No obstante, me parece que en los últimos días la confrontación dio una vuelta de tuerca preocupante, por ambas partes. Por un lado, el INE tomó dos resoluciones contrarias a los intereses de Morena, el partido en el poder (limitar la sobrerrepresentación que obtiene en la Cámara el partido mayoritario y la cancelación de los candidatos a la gubernatura de Guerrero y Michoacán). Ciertamente la ley asiste a la autoridad electoral en ambas resoluciones, pero la interpretación y la penalidad no guardan proporción en relación con casos anteriores. La sobrerrepresentación nunca molestó a los consejeros en legislaciones pasadas y, por más impresentable que sea Félix Salgado, el candidato de Guerrero, su falla al no entregar un reporte es administrativa y en otras ocasiones el hecho había sido sancionado con una multa económica (por ejemplo, en delitos aún más graves y documentados como el de la financiación ilegal de la campaña de Enrique Peña Nieto, que bajo esta lógica su triunfo tendría que haber sido invalidado). López Obrador interpreta estas acciones como un uso faccioso de la institución por parte de sus adversarios, destinado a entorpecer por las malas artes su desempeño en las elecciones e impedir que revalide en la Cámara la mayoría de la que goza.

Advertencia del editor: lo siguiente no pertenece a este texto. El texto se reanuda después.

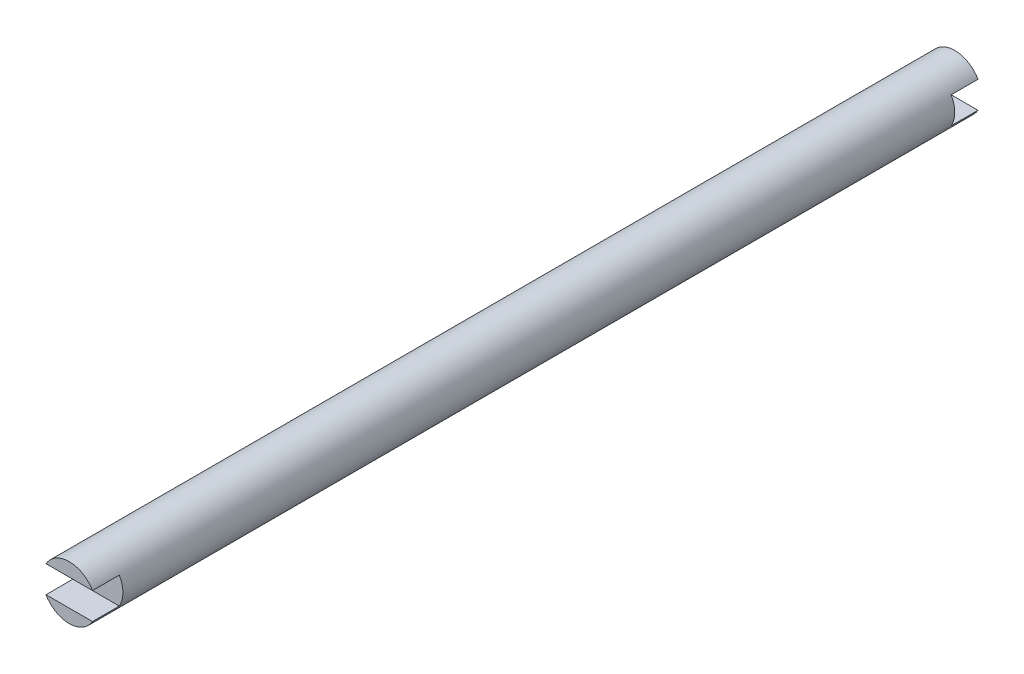
ISO-10303-21;
HEADER;
FILE_DESCRIPTION(('STEP AP214'),'2;1');
FILE_NAME('part.step','',(''),(''),'','','');
FILE_SCHEMA(('AUTOMOTIVE_DESIGN { 1 0 10303 214 1 1 1 1 }'));
ENDSEC;
DATA;
#1=APPLICATION_CONTEXT('core data for automotive mechanical design processes');
#2=APPLICATION_PROTOCOL_DEFINITION('international standard','automotive_design',2000,#1);
#3=PRODUCT_CONTEXT('',#1,'mechanical');
#4=PRODUCT('Part','Part','',(#3));
#5=PRODUCT_RELATED_PRODUCT_CATEGORY('part','',(#4));
#6=PRODUCT_DEFINITION_FORMATION('','',#4);
#7=PRODUCT_DEFINITION_CONTEXT('part definition',#1,'design');
#8=PRODUCT_DEFINITION('design','',#6,#7);
#9=PRODUCT_DEFINITION_SHAPE('','',#8);
#10=(LENGTH_UNIT() NAMED_UNIT(*) SI_UNIT(.MILLI.,.METRE.));
#11=(NAMED_UNIT(*) PLANE_ANGLE_UNIT() SI_UNIT($,.RADIAN.));
#12=(NAMED_UNIT(*) SI_UNIT($,.STERADIAN.) SOLID_ANGLE_UNIT());
#13=UNCERTAINTY_MEASURE_WITH_UNIT(LENGTH_MEASURE(1.E-05),#10,'distance_accuracy_value','');
#14=(GEOMETRIC_REPRESENTATION_CONTEXT(3) GLOBAL_UNCERTAINTY_ASSIGNED_CONTEXT((#13)) GLOBAL_UNIT_ASSIGNED_CONTEXT((#10,
#11,#12)) REPRESENTATION_CONTEXT('',''));
#15=CARTESIAN_POINT('',(0.,0.,0.));
#16=DIRECTION('',(0.,0.,1.));
#17=DIRECTION('',(1.,0.,0.));
#18=AXIS2_PLACEMENT_3D('',#15,#16,#17);
#19=CARTESIAN_POINT('',(0.,0.,0.));
#20=DIRECTION('',(0.,0.,1.));
#21=DIRECTION('',(1.,0.,0.));
#22=AXIS2_PLACEMENT_3D('',#19,#20,#21);
#23=PLANE('',#22);
#24=CARTESIAN_POINT('',(0.,0.,0.));
#25=DIRECTION('',(0.,0.,1.));
#26=DIRECTION('',(1.,0.,0.));
#27=AXIS2_PLACEMENT_3D('',#24,#25,#26);
#28=CIRCLE('',#27,2.);
#29=CARTESIAN_POINT('',(-1.73205080756888,-0.999999999999999,0.));
#30=VERTEX_POINT('',#29);
#31=CARTESIAN_POINT('',(1.73205080756888,-0.999999999999999,0.));
#32=VERTEX_POINT('',#31);
#33=EDGE_CURVE('E116',#30,#32,#28,.T.);
#34=ORIENTED_EDGE('',*,*,#33,.F.);
#35=DIRECTION('',(1.,0.,0.));
#36=VECTOR('',#35,1.);
#37=CARTESIAN_POINT('',(0.,-0.999999999999999,0.));
#38=LINE('',#37,#36);
#39=EDGE_CURVE('E103',#30,#32,#38,.T.);
#40=ORIENTED_EDGE('',*,*,#39,.T.);
#41=EDGE_LOOP('',(#34,#40));
#42=FACE_BOUND('',#41,.T.);
#43=ADVANCED_FACE('F32',(#42),#23,.F.);
#44=CARTESIAN_POINT('',(0.,0.,66.));
#45=DIRECTION('',(0.,0.,1.));
#46=DIRECTION('',(1.,0.,0.));
#47=AXIS2_PLACEMENT_3D('',#44,#45,#46);
#48=PLANE('',#47);
#49=DIRECTION('',(-1.,0.,0.));
#50=VECTOR('',#49,1.);
#51=CARTESIAN_POINT('',(0.,1.,66.));
#52=LINE('',#51,#50);
#53=CARTESIAN_POINT('',(1.73205080756888,1.,66.));
#54=VERTEX_POINT('',#53);
#55=CARTESIAN_POINT('',(-1.73205080756888,1.,66.));
#56=VERTEX_POINT('',#55);
#57=EDGE_CURVE('E126',#54,#56,#52,.T.);
#58=ORIENTED_EDGE('',*,*,#57,.F.);
#59=CARTESIAN_POINT('',(0.,0.,66.));
#60=DIRECTION('',(0.,0.,1.));
#61=DIRECTION('',(1.,0.,0.));
#62=AXIS2_PLACEMENT_3D('',#59,#60,#61);
#63=CIRCLE('',#62,2.);
#64=EDGE_CURVE('E119',#54,#56,#63,.T.);
#65=ORIENTED_EDGE('',*,*,#64,.T.);
#66=EDGE_LOOP('',(#58,#65));
#67=FACE_BOUND('',#66,.T.);
#68=ADVANCED_FACE('F169',(#67),#48,.T.);
#69=CARTESIAN_POINT('',(0.,0.,66.));
#70=DIRECTION('',(0.,0.,-1.));
#71=DIRECTION('',(-1.,0.,0.));
#72=AXIS2_PLACEMENT_3D('',#69,#70,#71);
#73=CYLINDRICAL_SURFACE('',#72,2.);
#74=ORIENTED_EDGE('',*,*,#33,.T.);
#75=DIRECTION('',(0.,0.,-1.));
#76=VECTOR('',#75,1.);
#77=CARTESIAN_POINT('',(1.73205080756888,-0.999999999999999,66.));
#78=LINE('',#77,#76);
#79=CARTESIAN_POINT('',(1.73205080756888,-0.999999999999999,2.));
#80=VERTEX_POINT('',#79);
#81=EDGE_CURVE('E112',#32,#80,#78,.F.);
#82=ORIENTED_EDGE('',*,*,#81,.T.);
#83=CARTESIAN_POINT('',(0.,0.,2.));
#84=DIRECTION('',(0.,0.,-1.));
#85=DIRECTION('',(-1.,0.,0.));
#86=AXIS2_PLACEMENT_3D('',#83,#84,#85);
#87=CIRCLE('',#86,2.);
#88=CARTESIAN_POINT('',(1.73205080756888,1.,2.));
#89=VERTEX_POINT('',#88);
#90=EDGE_CURVE('E11',#89,#80,#87,.T.);
#91=ORIENTED_EDGE('',*,*,#90,.F.);
#92=DIRECTION('',(0.,0.,-1.));
#93=VECTOR('',#92,1.);
#94=CARTESIAN_POINT('',(1.73205080756888,1.,66.));
#95=LINE('',#94,#93);
#96=CARTESIAN_POINT('',(1.73205080756888,1.,0.));
#97=VERTEX_POINT('',#96);
#98=EDGE_CURVE('E98',#89,#97,#95,.T.);
#99=ORIENTED_EDGE('',*,*,#98,.T.);
#100=CARTESIAN_POINT('',(-1.73205080756888,1.,0.));
#101=VERTEX_POINT('',#100);
#102=EDGE_CURVE('E110',#97,#101,#28,.T.);
#103=ORIENTED_EDGE('',*,*,#102,.T.);
#104=DIRECTION('',(0.,0.,-1.));
#105=VECTOR('',#104,1.);
#106=CARTESIAN_POINT('',(-1.73205080756888,1.,66.));
#107=LINE('',#106,#105);
#108=CARTESIAN_POINT('',(-1.73205080756888,1.,2.));
#109=VERTEX_POINT('',#108);
#110=EDGE_CURVE('E47',#101,#109,#107,.F.);
#111=ORIENTED_EDGE('',*,*,#110,.T.);
#112=CARTESIAN_POINT('',(-1.73205080756888,-0.999999999999999,2.));
#113=VERTEX_POINT('',#112);
#114=EDGE_CURVE('E36',#113,#109,#87,.T.);
#115=ORIENTED_EDGE('',*,*,#114,.F.);
#116=DIRECTION('',(0.,0.,-1.));
#117=VECTOR('',#116,1.);
#118=CARTESIAN_POINT('',(-1.73205080756888,-0.999999999999999,66.));
#119=LINE('',#118,#117);
#120=EDGE_CURVE('E145',#113,#30,#119,.T.);
#121=ORIENTED_EDGE('',*,*,#120,.T.);
#122=EDGE_LOOP('',(#74,#82,#91,#99,#103,#111,#115,#121));
#123=FACE_BOUND('',#122,.T.);
#124=CARTESIAN_POINT('',(0.,0.,64.));
#125=DIRECTION('',(0.,0.,1.));
#126=DIRECTION('',(1.,0.,0.));
#127=AXIS2_PLACEMENT_3D('',#124,#125,#126);
#128=CIRCLE('',#127,2.);
#129=CARTESIAN_POINT('',(-1.73205080756888,1.,64.));
#130=VERTEX_POINT('',#129);
#131=CARTESIAN_POINT('',(-1.73205080756888,-0.999999999999999,64.));
#132=VERTEX_POINT('',#131);
#133=EDGE_CURVE('E104',#130,#132,#128,.T.);
#134=ORIENTED_EDGE('',*,*,#133,.F.);
#135=DIRECTION('',(0.,0.,-1.));
#136=VECTOR('',#135,1.);
#137=CARTESIAN_POINT('',(-1.73205080756888,1.,66.));
#138=LINE('',#137,#136);
#139=EDGE_CURVE('E157',#130,#56,#138,.F.);
#140=ORIENTED_EDGE('',*,*,#139,.T.);
#141=ORIENTED_EDGE('',*,*,#64,.F.);
#142=DIRECTION('',(0.,0.,-1.));
#143=VECTOR('',#142,1.);
#144=CARTESIAN_POINT('',(1.73205080756888,1.,66.));
#145=LINE('',#144,#143);
#146=CARTESIAN_POINT('',(1.73205080756888,1.,64.));
#147=VERTEX_POINT('',#146);
#148=EDGE_CURVE('E121',#54,#147,#145,.T.);
#149=ORIENTED_EDGE('',*,*,#148,.T.);
#150=CARTESIAN_POINT('',(1.73205080756888,-0.999999999999999,64.));
#151=VERTEX_POINT('',#150);
#152=EDGE_CURVE('E128',#151,#147,#128,.T.);
#153=ORIENTED_EDGE('',*,*,#152,.F.);
#154=DIRECTION('',(0.,0.,-1.));
#155=VECTOR('',#154,1.);
#156=CARTESIAN_POINT('',(1.73205080756888,-0.999999999999999,66.));
#157=LINE('',#156,#155);
#158=CARTESIAN_POINT('',(1.73205080756888,-0.999999999999999,66.));
#159=VERTEX_POINT('',#158);
#160=EDGE_CURVE('E153',#151,#159,#157,.F.);
#161=ORIENTED_EDGE('',*,*,#160,.T.);
#162=CARTESIAN_POINT('',(-1.73205080756888,-0.999999999999999,66.));
#163=VERTEX_POINT('',#162);
#164=EDGE_CURVE('E115',#163,#159,#63,.T.);
#165=ORIENTED_EDGE('',*,*,#164,.F.);
#166=DIRECTION('',(0.,0.,-1.));
#167=VECTOR('',#166,1.);
#168=CARTESIAN_POINT('',(-1.73205080756888,-0.999999999999999,66.));
#169=LINE('',#168,#167);
#170=EDGE_CURVE('E55',#163,#132,#169,.T.);
#171=ORIENTED_EDGE('',*,*,#170,.T.);
#172=EDGE_LOOP('',(#134,#140,#141,#149,#153,#161,#165,#171));
#173=FACE_BOUND('',#172,.T.);
#174=ADVANCED_FACE('F34',(#123,#173),#73,.T.);
#175=DIRECTION('',(1.,0.,0.));
#176=VECTOR('',#175,1.);
#177=CARTESIAN_POINT('',(0.,-0.999999999999999,66.));
#178=LINE('',#177,#176);
#179=EDGE_CURVE('E124',#163,#159,#178,.T.);
#180=ORIENTED_EDGE('',*,*,#179,.F.);
#181=ORIENTED_EDGE('',*,*,#164,.T.);
#182=EDGE_LOOP('',(#180,#181));
#183=FACE_BOUND('',#182,.T.);
#184=ADVANCED_FACE('F172',(#183),#48,.T.);
#185=ORIENTED_EDGE('',*,*,#102,.F.);
#186=DIRECTION('',(-1.,0.,0.));
#187=VECTOR('',#186,1.);
#188=CARTESIAN_POINT('',(0.,1.,0.));
#189=LINE('',#188,#187);
#190=EDGE_CURVE('E95',#97,#101,#189,.T.);
#191=ORIENTED_EDGE('',*,*,#190,.T.);
#192=EDGE_LOOP('',(#185,#191));
#193=FACE_BOUND('',#192,.T.);
#194=ADVANCED_FACE('F114',(#193),#23,.F.);
#195=CARTESIAN_POINT('',(0.,0.,64.));
#196=DIRECTION('',(0.,0.,1.));
#197=DIRECTION('',(1.,0.,0.));
#198=AXIS2_PLACEMENT_3D('',#195,#196,#197);
#199=PLANE('',#198);
#200=ORIENTED_EDGE('',*,*,#133,.T.);
#201=DIRECTION('',(1.,0.,0.));
#202=VECTOR('',#201,1.);
#203=CARTESIAN_POINT('',(-3.75,-0.999999999999999,64.));
#204=LINE('',#203,#202);
#205=EDGE_CURVE('E147',#132,#151,#204,.T.);
#206=ORIENTED_EDGE('',*,*,#205,.T.);
#207=ORIENTED_EDGE('',*,*,#152,.T.);
#208=DIRECTION('',(-1.,0.,0.));
#209=VECTOR('',#208,1.);
#210=CARTESIAN_POINT('',(-3.75,1.,64.));
#211=LINE('',#210,#209);
#212=EDGE_CURVE('E150',#147,#130,#211,.T.);
#213=ORIENTED_EDGE('',*,*,#212,.T.);
#214=EDGE_LOOP('',(#200,#206,#207,#213));
#215=FACE_BOUND('',#214,.T.);
#216=ADVANCED_FACE('F183',(#215),#199,.T.);
#217=CARTESIAN_POINT('',(-3.75,1.,64.));
#218=DIRECTION('',(0.,1.,0.));
#219=DIRECTION('',(0.,0.,1.));
#220=AXIS2_PLACEMENT_3D('',#217,#218,#219);
#221=PLANE('',#220);
#222=ORIENTED_EDGE('',*,*,#57,.T.);
#223=ORIENTED_EDGE('',*,*,#139,.F.);
#224=ORIENTED_EDGE('',*,*,#212,.F.);
#225=ORIENTED_EDGE('',*,*,#148,.F.);
#226=EDGE_LOOP('',(#222,#223,#224,#225));
#227=FACE_BOUND('',#226,.T.);
#228=ADVANCED_FACE('F167',(#227),#221,.F.);
#229=CARTESIAN_POINT('',(-3.75,-0.999999999999999,64.));
#230=DIRECTION('',(0.,-1.,0.));
#231=DIRECTION('',(0.,0.,-1.));
#232=AXIS2_PLACEMENT_3D('',#229,#230,#231);
#233=PLANE('',#232);
#234=ORIENTED_EDGE('',*,*,#179,.T.);
#235=ORIENTED_EDGE('',*,*,#160,.F.);
#236=ORIENTED_EDGE('',*,*,#205,.F.);
#237=ORIENTED_EDGE('',*,*,#170,.F.);
#238=EDGE_LOOP('',(#234,#235,#236,#237));
#239=FACE_BOUND('',#238,.T.);
#240=ADVANCED_FACE('F185',(#239),#233,.F.);
#241=CARTESIAN_POINT('',(0.,0.,2.));
#242=DIRECTION('',(0.,0.,-1.));
#243=DIRECTION('',(-1.,0.,0.));
#244=AXIS2_PLACEMENT_3D('',#241,#242,#243);
#245=PLANE('',#244);
#246=ORIENTED_EDGE('',*,*,#90,.T.);
#247=DIRECTION('',(-1.,0.,0.));
#248=VECTOR('',#247,1.);
#249=CARTESIAN_POINT('',(3.75,-0.999999999999999,2.));
#250=LINE('',#249,#248);
#251=EDGE_CURVE('E138',#80,#113,#250,.T.);
#252=ORIENTED_EDGE('',*,*,#251,.T.);
#253=ORIENTED_EDGE('',*,*,#114,.T.);
#254=DIRECTION('',(1.,0.,0.));
#255=VECTOR('',#254,1.);
#256=CARTESIAN_POINT('',(-3.75,1.,2.));
#257=LINE('',#256,#255);
#258=EDGE_CURVE('E136',#109,#89,#257,.T.);
#259=ORIENTED_EDGE('',*,*,#258,.T.);
#260=EDGE_LOOP('',(#246,#252,#253,#259));
#261=FACE_BOUND('',#260,.T.);
#262=ADVANCED_FACE('F135',(#261),#245,.T.);
#263=CARTESIAN_POINT('',(3.75,-0.999999999999999,2.));
#264=DIRECTION('',(0.,-1.,0.));
#265=DIRECTION('',(0.,0.,-1.));
#266=AXIS2_PLACEMENT_3D('',#263,#264,#265);
#267=PLANE('',#266);
#268=ORIENTED_EDGE('',*,*,#251,.F.);
#269=ORIENTED_EDGE('',*,*,#81,.F.);
#270=ORIENTED_EDGE('',*,*,#39,.F.);
#271=ORIENTED_EDGE('',*,*,#120,.F.);
#272=EDGE_LOOP('',(#268,#269,#270,#271));
#273=FACE_BOUND('',#272,.T.);
#274=ADVANCED_FACE('F199',(#273),#267,.F.);
#275=CARTESIAN_POINT('',(-3.75,1.,2.));
#276=DIRECTION('',(0.,1.,0.));
#277=DIRECTION('',(0.,0.,1.));
#278=AXIS2_PLACEMENT_3D('',#275,#276,#277);
#279=PLANE('',#278);
#280=ORIENTED_EDGE('',*,*,#258,.F.);
#281=ORIENTED_EDGE('',*,*,#110,.F.);
#282=ORIENTED_EDGE('',*,*,#190,.F.);
#283=ORIENTED_EDGE('',*,*,#98,.F.);
#284=EDGE_LOOP('',(#280,#281,#282,#283));
#285=FACE_BOUND('',#284,.T.);
#286=ADVANCED_FACE('F97',(#285),#279,.F.);
#287=CLOSED_SHELL('',(#43,#68,#174,#184,#194,#216,#228,#240,#262,#274,#286));
#288=MANIFOLD_SOLID_BREP('B2',#287);
#289=ADVANCED_BREP_SHAPE_REPRESENTATION('',(#18,#288),#14);
#290=SHAPE_DEFINITION_REPRESENTATION(#9,#289);
ENDSEC;
END-ISO-10303-21;

Por otro lado, algo similar piensa la oposición de la polémica decisión del Senado para ampliar dos años el período de Arturo Zaldívar como presidente de la Suprema Corte, violentado los términos que establece la Constitución. Un acto considerado, también, como una medida facciosa desde el Poder Legislativo para someter al poder judicial a la influencia del presidente.
A los ojos de los rivales, ambas decisiones constituyen una transgresión a las reglas más o menos implícitas con las que había transcurrido la disputa política, ciertamente ríspida pero contenida. Ahora han aparecido cuchillos de un lado y machetes del otro.
En el momento en que se cierra esta columna la Cámara de Diputados estaría abordando el tema de la Suprema Corte y horas más tarde el Tribunal Electoral del Poder Judicial de la Federación (TRIFE) hará lo mismo con respecto al litigio electoral. En lo personal, creo que en un escenario deseable en ambas instancias debería desactivarse el motivo de conflicto. Pero me temo que desde hace rato TRIFE y Cámara son parte del problema y operan en calidad de actores militantes de la polarización que sufrimos. Veremos.